PROVIDED RECORDS Block Start
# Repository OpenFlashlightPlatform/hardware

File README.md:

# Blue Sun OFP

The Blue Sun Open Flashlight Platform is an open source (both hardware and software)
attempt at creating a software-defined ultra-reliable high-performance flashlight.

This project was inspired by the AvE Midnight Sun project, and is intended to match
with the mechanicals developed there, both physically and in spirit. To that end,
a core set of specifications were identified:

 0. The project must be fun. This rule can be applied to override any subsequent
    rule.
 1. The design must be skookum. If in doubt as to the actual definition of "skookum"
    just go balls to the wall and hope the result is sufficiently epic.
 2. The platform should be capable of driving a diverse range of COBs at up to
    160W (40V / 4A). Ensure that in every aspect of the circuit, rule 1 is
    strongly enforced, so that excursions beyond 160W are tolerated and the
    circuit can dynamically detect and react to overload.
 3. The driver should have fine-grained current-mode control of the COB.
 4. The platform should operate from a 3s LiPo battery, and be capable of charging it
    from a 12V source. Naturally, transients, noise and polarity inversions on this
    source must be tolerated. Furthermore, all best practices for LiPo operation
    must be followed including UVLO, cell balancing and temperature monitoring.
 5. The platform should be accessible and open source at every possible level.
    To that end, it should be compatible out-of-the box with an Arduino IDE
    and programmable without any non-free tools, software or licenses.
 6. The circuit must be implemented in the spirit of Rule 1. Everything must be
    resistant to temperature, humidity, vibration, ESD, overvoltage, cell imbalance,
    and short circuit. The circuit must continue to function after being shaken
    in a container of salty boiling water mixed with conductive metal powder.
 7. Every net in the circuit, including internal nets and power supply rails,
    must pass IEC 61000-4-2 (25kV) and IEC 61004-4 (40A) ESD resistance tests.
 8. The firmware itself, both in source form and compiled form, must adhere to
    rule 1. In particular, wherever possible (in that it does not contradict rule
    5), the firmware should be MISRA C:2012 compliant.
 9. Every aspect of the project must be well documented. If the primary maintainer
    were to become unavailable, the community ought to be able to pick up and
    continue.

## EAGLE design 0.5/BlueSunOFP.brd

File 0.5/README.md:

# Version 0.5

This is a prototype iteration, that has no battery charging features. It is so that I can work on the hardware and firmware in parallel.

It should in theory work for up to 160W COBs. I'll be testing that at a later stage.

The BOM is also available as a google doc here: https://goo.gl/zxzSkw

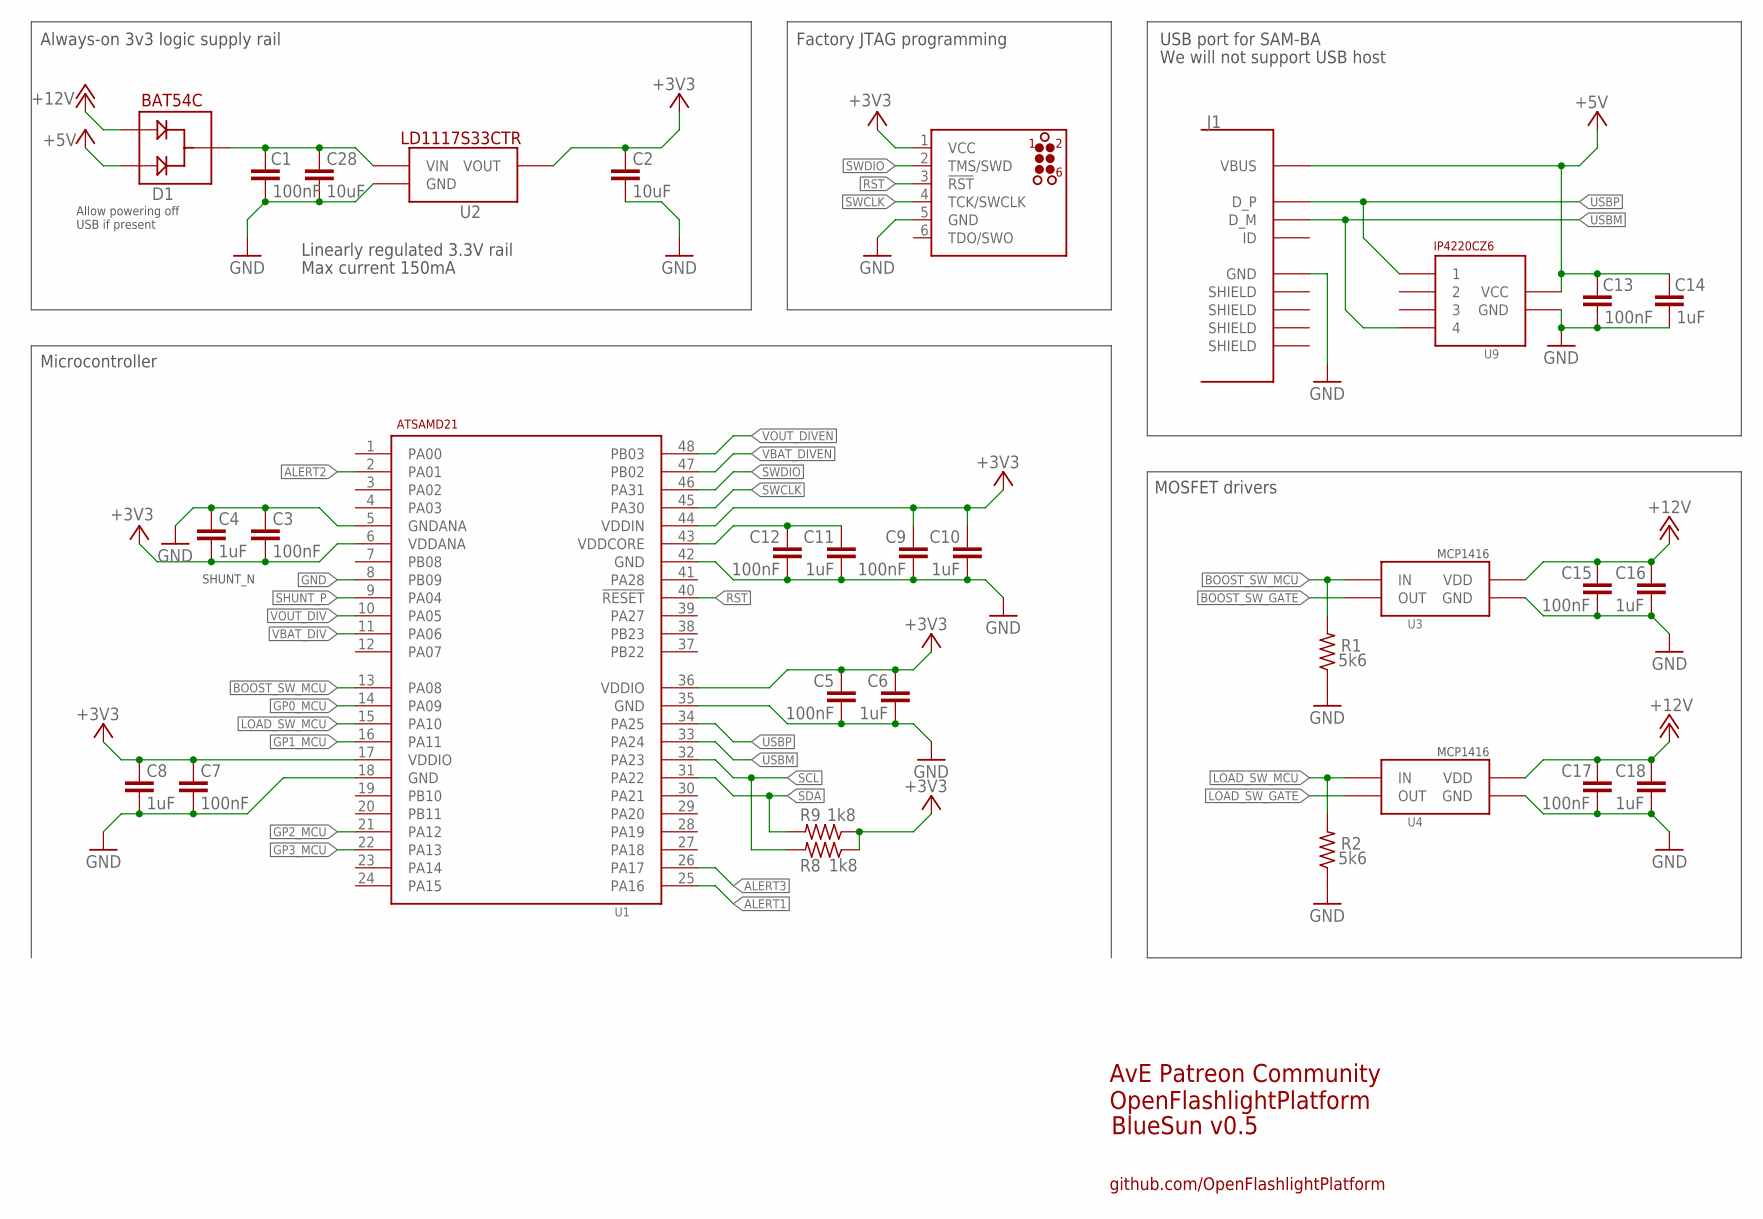
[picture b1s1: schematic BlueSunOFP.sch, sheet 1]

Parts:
C1, C13, C15, C17: 100nF; C0603K
C2, C28: 10uF; C0603K
C3, C5, C7, C9, C12: 100nF; C0402K
C4, C6, C8, C10, C11: 1uF; C0402K
C14, C16, C18: 1uF; C0603K
D1: BAT54C; SOT23
J1: USBSMT; USB_SMT
R1, R2: 5k6; R0603
R8, R9: 1k8; R0603
U1: SAMD21; TQFP48
U2: LD1117S33CTR_3V3_REG; SOT223
U3, U4: MCP1416; SOT23-5
U9: IP4220CZ6; SOT457
U$1: JLINK_CONNECT; TC2030-MCP-NL

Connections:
+3V3: C2.1, C3.2, C4.2, C5.1, C6.1, C7.1, C8.1, C9.1, C10.1, R8.1, R9.1, U1.6 (VDDANA), U1.17 (VDDIO), U1.36 (VDDIO), U1.44 (VDDIN), U2.2 (VOUT), U$1.1 (VCC); also elsewhere on the board
+5V: C13.1, C14.1, D1.2, J1.1VBUS (VBUS), U9.5 (VCC)
+12V: C15.1, C16.1, C17.1, C18.1, D1.1, U3.2 (VDD), U4.2 (VDD); also elsewhere on the board
ALERT1: U1.25 (PA16); also elsewhere on the board
ALERT2: U1.2 (PA01); also elsewhere on the board
ALERT3: U1.26 (PA17); also elsewhere on the board
BOOST_SW_GATE: U3.5 (OUT); also elsewhere on the board
BOOST_SW_MCU: R1.2, U1.13 (PA08), U3.3 (IN)
GND: C1.2, C2.2, C3.1, C4.1, C5.2, C6.2, C7.2, C8.2, C9.2, C10.2, C11.2, C12.2, C13.2, C14.2, C15.2, C16.2, C17.2, C18.2, C28.2, J1.5GND (GND), R1.1, R2.1, U1.5 (GNDANA), U1.8 (PB09), U1.18 (GND), U1.35 (GND), U1.42 (GND), U2.1 (GND), U3.4 (GND), U4.4 (GND), U9.2 (GND), U$1.5 (GND); also elsewhere on the board
GP0_MCU: U1.14 (PA09); also elsewhere on the board
GP1_MCU: U1.16 (PA11); also elsewhere on the board
GP2_MCU: U1.21 (PA12); also elsewhere on the board
GP3_MCU: U1.22 (PA13); also elsewhere on the board
LOAD_SW_GATE: U4.5 (OUT); also elsewhere on the board
LOAD_SW_MCU: R2.2, U1.15 (PA10), U4.3 (IN)
unnamed: C11.1, C12.1, U1.43 (VDDCORE)
unnamed: C1.1, C28.1, D1.3 (NEG), U2.3 (VIN)
RST: U1.40 (!RESET!), U$1.3 (!RST!)
SCL: R8.2, U1.32 (PA23); also elsewhere on the board
SDA: R9.2, U1.31 (PA22); also elsewhere on the board
SHUNT_P: U1.9 (PA04); also elsewhere on the board
SWCLK: U1.45 (PA30), U$1.4 (TCK/SWCLK)
SWDIO: U1.46 (PA31), U$1.2 (TMS/SWD)
USBM: J1.2D- (D_M), U1.33 (PA24), U9.6 (4)
USBP: J1.3D+ (D_P), U1.34 (PA25), U9.1
VBAT_DIV: U1.11 (PA06); also elsewhere on the board
VBAT_DIVEN: U1.47 (PB02); also elsewhere on the board
VOUT_DIV: U1.10 (PA05); also elsewhere on the board
VOUT_DIVEN: U1.48 (PB03); also elsewhere on the board

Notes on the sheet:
AvE Patreon Community
OpenFlashlightPlatform
BlueSun v0.5
github.com/OpenFlashlightPlatform
Linearly regulated 3.3V rail
Max current 150mA
Always-on 3v3 logic supply rail
Factory JTAG programming
Allow powering off USB if present
We will not support USB host
USB port for SAM-BA
MOSFET drivers
Microcontroller
SHUNT_N

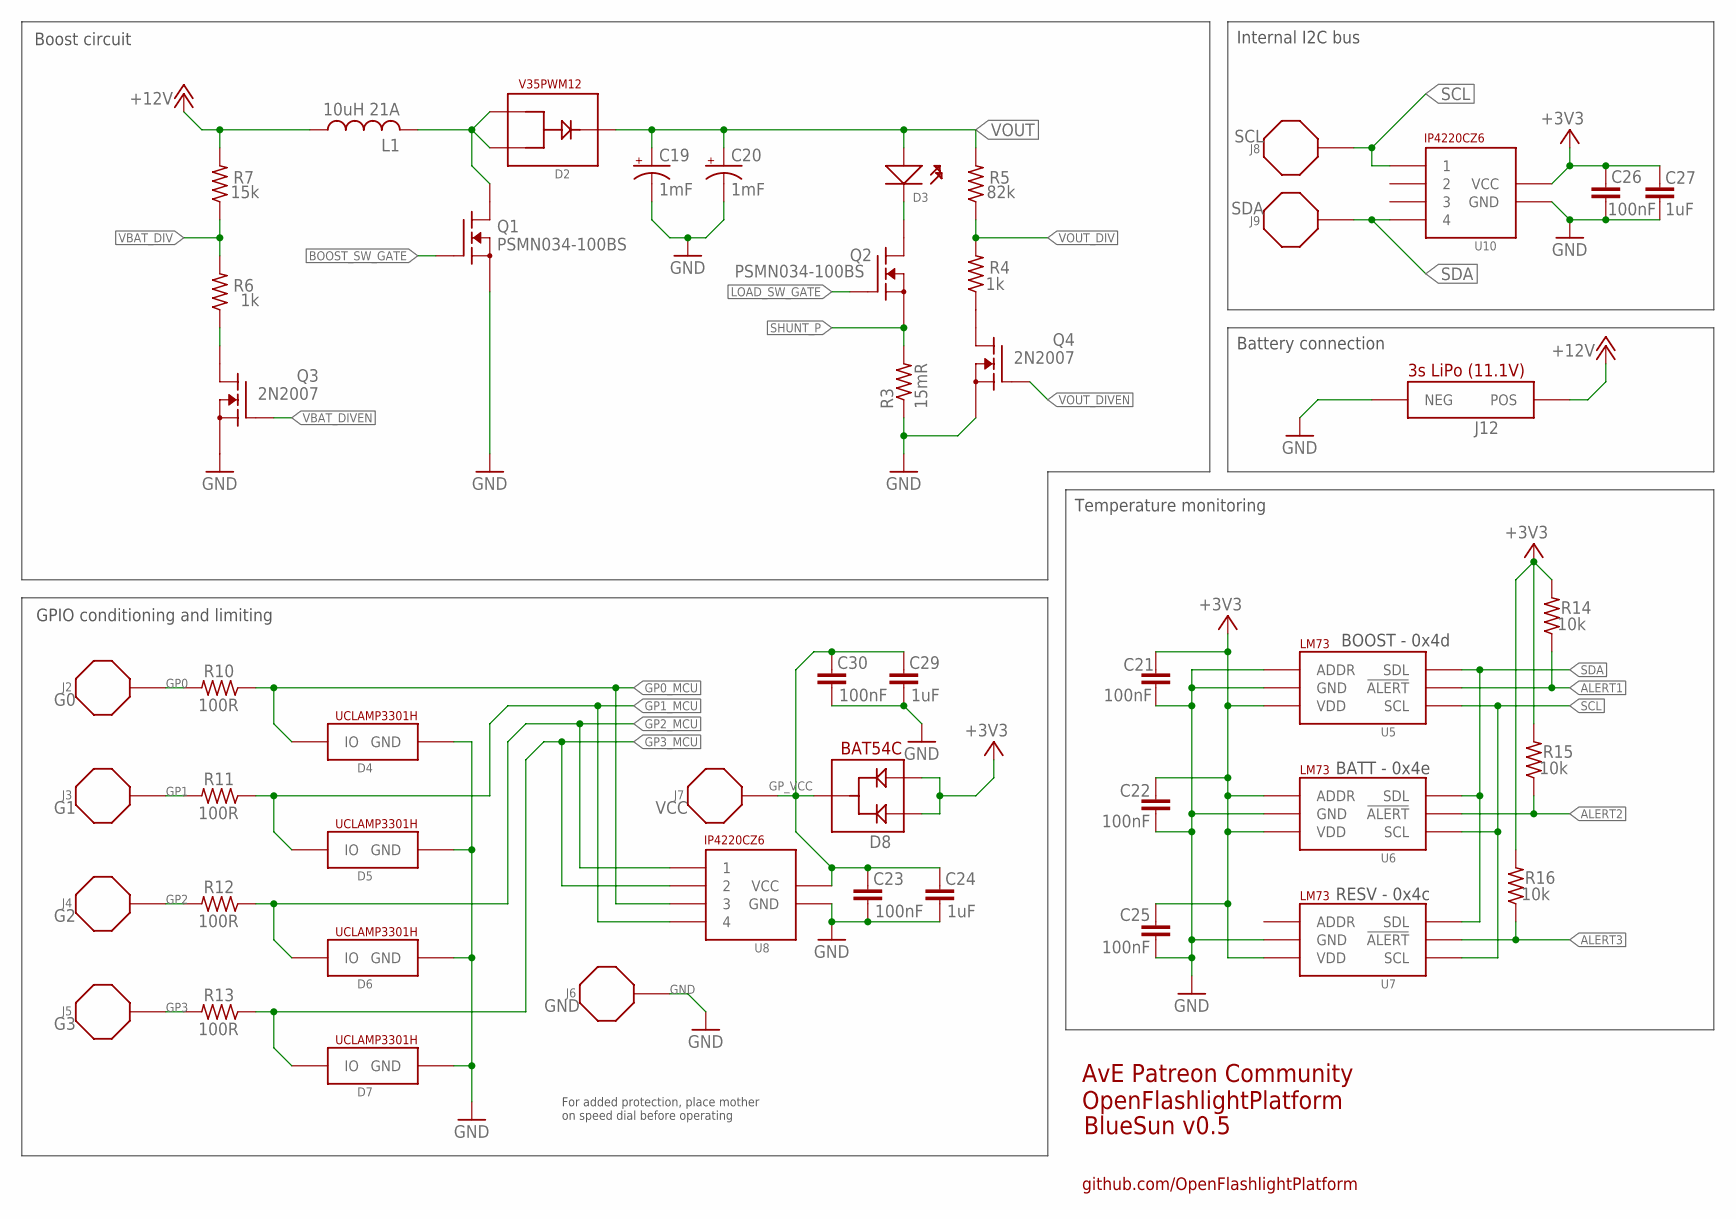
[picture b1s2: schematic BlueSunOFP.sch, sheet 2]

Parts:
C19, C20: 1mF; 10MMCAP
C21, C22, C23, C25, C26, C30: 100nF; C0603K
C24, C27, C29: 1uF; C0603K
D2: DIODE; SLIMPAK
D3: CREE_COB; CREE_WIRE_MOUNT
D4, D5, D6, D7: UCLAMP3301H; SOD523
D8: BAT54C; SOT23
J2: G0; EXT_PIN
J3: G1; EXT_PIN
J4: G2; EXT_PIN
J5: G3; EXT_PIN
J6: GND; EXT_PIN
J7: VCC; EXT_PIN
J8: SCL; EXT_PIN
J9: SDA; EXT_PIN
J12: BATTERY; CREE_WIRE_MOUNT
L1: 10uH 21A; INDUCTOR
Q1, Q2: PSMN034-100BS; D2PAK
Q3, Q4: 2N2007; SOT23
R3: 15mR; R2512
R4, R6: 1k; R0603
R5: 82k; R0603
R7: 15k; R0603
R10, R11, R12, R13: 100R; R0603
R14, R15, R16: 10k; R0603
U5, U6, U7: LM73; SOT23-6
U8, U10: IP4220CZ6; SOT457

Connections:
+3V3: C21.1, C22.1, C25.1, C26.1, C27.1, D8.1, D8.2, R14.2, R15.2, R16.2, U5.3 (VDD), U6.1 (ADDR), U6.3 (VDD), U7.3 (VDD), U10.5 (VCC); also elsewhere on the board
+12V: J12.POS, L1.P$1 (1), R7.2; also elsewhere on the board
ALERT1: R14.1, U5.5 (!ALERT!); also elsewhere on the board
ALERT2: R15.1, U6.5 (!ALERT!); also elsewhere on the board
ALERT3: R16.1, U7.5 (!ALERT!); also elsewhere on the board
BOOST_SW_GATE: Q1.1 (G); also elsewhere on the board
GND: C19.NEG (-), C20.NEG (-), C21.2, C22.2, C23.2, C24.2, C25.2, C26.2, C27.2, C29.2, C30.2, D4.NOLINE (GND), D5.NOLINE (GND), D6.NOLINE (GND), D7.NOLINE (GND), J6.P$1, J12.NEG, Q1.3 (S), Q3.2 (S), Q4.2 (S), R3.1, U5.1 (ADDR), U5.2 (GND), U6.2 (GND), U7.2 (GND), U8.2 (GND), U10.2 (GND); also elsewhere on the board
GP0: J2.P$1, R10.2
GP0_MCU: D4.LINE (IO), R10.1, U8.4 (3); also elsewhere on the board
GP1: J3.P$1, R11.2
GP1_MCU: D5.LINE (IO), R11.1, U8.6 (4); also elsewhere on the board
GP2: J4.P$1, R12.2
GP2_MCU: D6.LINE (IO), R12.1, U8.1; also elsewhere on the board
GP3: J5.P$1, R13.2
GP3_MCU: D7.LINE (IO), R13.1, U8.3 (2); also elsewhere on the board
GP_VCC: C23.1, C24.1, C29.1, C30.1, D8.3 (NEG), J7.P$1, U8.5 (VCC)
LOAD_SW_GATE: Q2.1 (G); also elsewhere on the board
unnamed: D2.1, D2.2, L1.P$2 (2), Q1.2 (D)
unnamed: D3.NEG, Q2.2 (D)
unnamed: Q3.3 (D), R6.1
unnamed: Q4.3 (D), R4.1
SCL: J8.P$1, U5.4 (SCL), U6.4 (SCL), U7.4 (SCL), U10.1; also elsewhere on the board
SDA: J9.P$1, U5.6 (SDL), U6.6 (SDL), U7.6 (SDL), U10.6 (4); also elsewhere on the board
SHUNT_P: Q2.3 (S), R3.2; also elsewhere on the board
VBAT_DIV: R6.2, R7.1; also elsewhere on the board
VBAT_DIVEN: Q3.1 (G); also elsewhere on the board
VOUT: C19.POS (+), C20.POS (+), D2.K, D3.POS, R5.2
VOUT_DIV: R4.2, R5.1; also elsewhere on the board
VOUT_DIVEN: Q4.1 (G); also elsewhere on the board

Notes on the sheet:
AvE Patreon Community
OpenFlashlightPlatform
BlueSun v0.5
github.com/OpenFlashlightPlatform
For added protection, place mother on speed dial before operating
GPIO conditioning and limiting
Boost circuit
BOOST - 0x4d
BATT - 0x4e
RESV - 0x4c
Temperature monitoring
Internal I2C bus
Battery connection

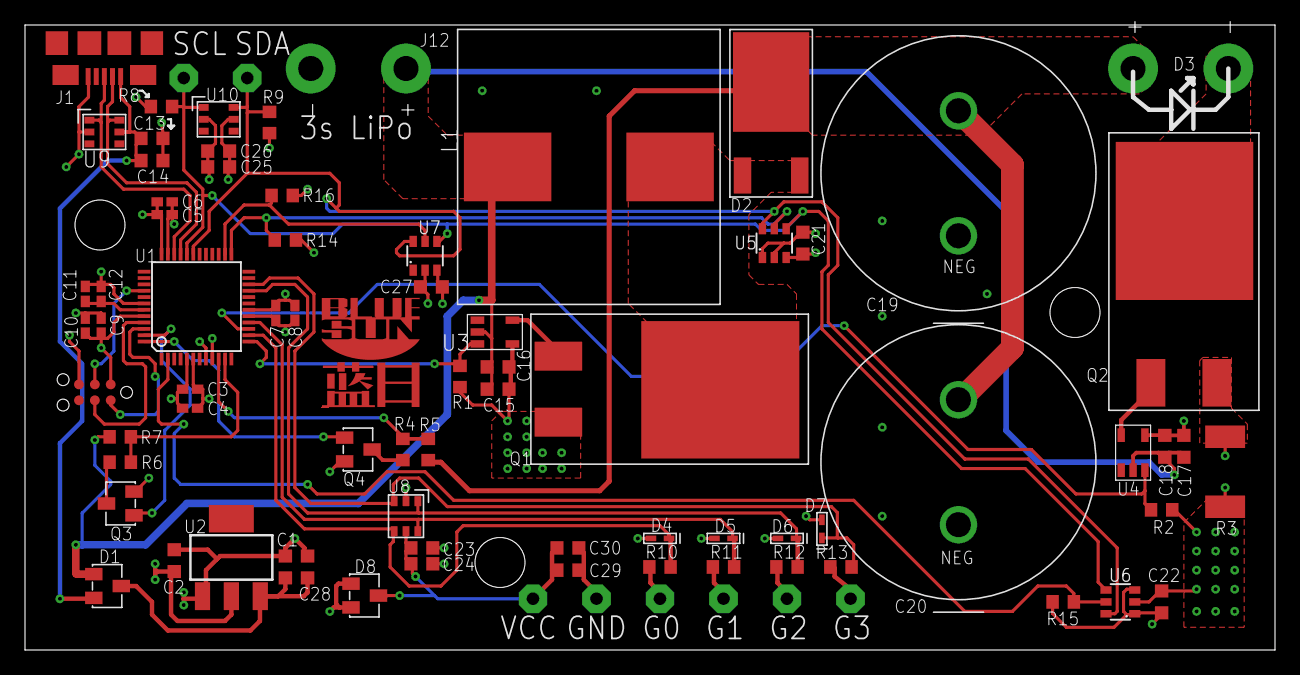
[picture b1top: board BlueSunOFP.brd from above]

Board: 4 copper layers, 100.0 x 50.0 mm, 80 parts (0 on the bottom side), 39 nets.

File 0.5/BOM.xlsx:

Nothing fancy passives, any brand will do
Designator | Type | Notes
C1, C15, C17 | 100nF 25V 0603 X7R
C28 | 10uF 25V 0805 X5R | The pad is 0603, my bad
C16, C18 | 1uF 25V 0603 X7R
C2 | 10uF 6V3 0603 X5R
C3, C5, C7, C9, C12, C13, C21, C22, C23, C25, C26, C30 | 100nF 6V3 0603 X7R
C4, C6, C8, C10, C11, C14, C24, C27, C29 | 1uF 6V3 0603 X7R
R1, R2 | 5k6 0603 1%
R4, R6 | 1k 0603 1%
R5 | 82k 0603 1%
R7 | 15k 0603 1%
R8, R9 | 1k8 0603 1%
R10, R11, R12, R13 | 100R 0603 1%
R14, R15, R16 | 10k 0603 1%
Specific parts
Designator | Type | Manufacturer | MFG part no | Digikey part no | Price/100 USD | Qty | Notes
C19, C20 | 1mF 80V 10mm cap | CDE | 381LX102M080H012 | 338-3690-ND | 1.7 | 2.0
D1, D8 | SOT23 Schottky | Fairchild | BAT54C | BAT54CFSTR-ND | 0.09 | 2.0
D4, D5, D6, D7 | TVS diode 3.3V | Semtech | UCLAMP3301H.TCT | UCLAMP3301HCT-ND | 0.48 | 4.0
D2 | Big SlimDPAK schottky | Vishay | V35PWM12-M3/I | V35PWM12-M3/IGITR-ND | 0.88 | 1.0
J1 | SMT USB micro | Amphenol | 10118192-0001LF | 609-4613-1-ND | 0.3 | 1.0
L1 | 10uH 21A inductor | Wurth | 74435581000 | 732-4235-2-ND | 6.6 | 1.0
Q1, Q2 | Power MOSFET | NXP | PSMN034-100BS,118 | 568-9702-2-ND | 0.71 | 2.0
Q3, Q4 | Signal MOSFET | NXP | 2N7002P,215 | 568-5818-1-ND | 0.07 | 2.0
U1 | MCU | Atmel | ATSAMD21G18A-AUT | ATSAMD21G18A-AUTCT-ND | 4.15 | 1.0
U2 | LDO | ST Micro | LD1117S33CTR | 497-1241-1-ND | 0.25 | 1.0
U3, U4 | MOSFET driver | Microchip | MCP1416T-E/OT | MCP1416T-E/OTTR-ND | 0.49 | 2.0
U5, U6, U7 | Temp sensor | TI | LM73CIMK-1/NOPB | LM73CIMK-1/NOPBCT-ND | 1.48 | 3.0
U8, U9, U10 | Steering / TVS | NXP | IP4220CZ6,125 | 568-3529-2-ND | 0.23 | 3.0
R3 | Shunt resistor 15mR | TE Connectivity | RLP73V3AR015FTDF | A109674CT-ND | 0.25 | 1.0
D3 | The COB 13 klm (!) | CREE | CXA3590-0000-000N00CD0E3 | CXA3590-0000-000N00CD0E3-ND | 37.18 | 1.0 | Any <40V <4A COB is ok

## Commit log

2016-11-17 Initial version
2016-11-17 add readme
2016-11-17 Add BOM and pdf schematic

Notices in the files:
parts and their libraries:
flashlight: ©2009 ROFA.cz
PROVIDED RECORDS Block End
Working through the records above, copy each line in which "hardware" is found.

SOLVED EXERCISE
# Repository OpenFlashlightPlatform/hardware
The Blue Sun Open Flashlight Platform is an open source (both hardware and software)
This is a prototype iteration, that has no battery charging features. It is so that I can work on the hardware and firmware in parallel.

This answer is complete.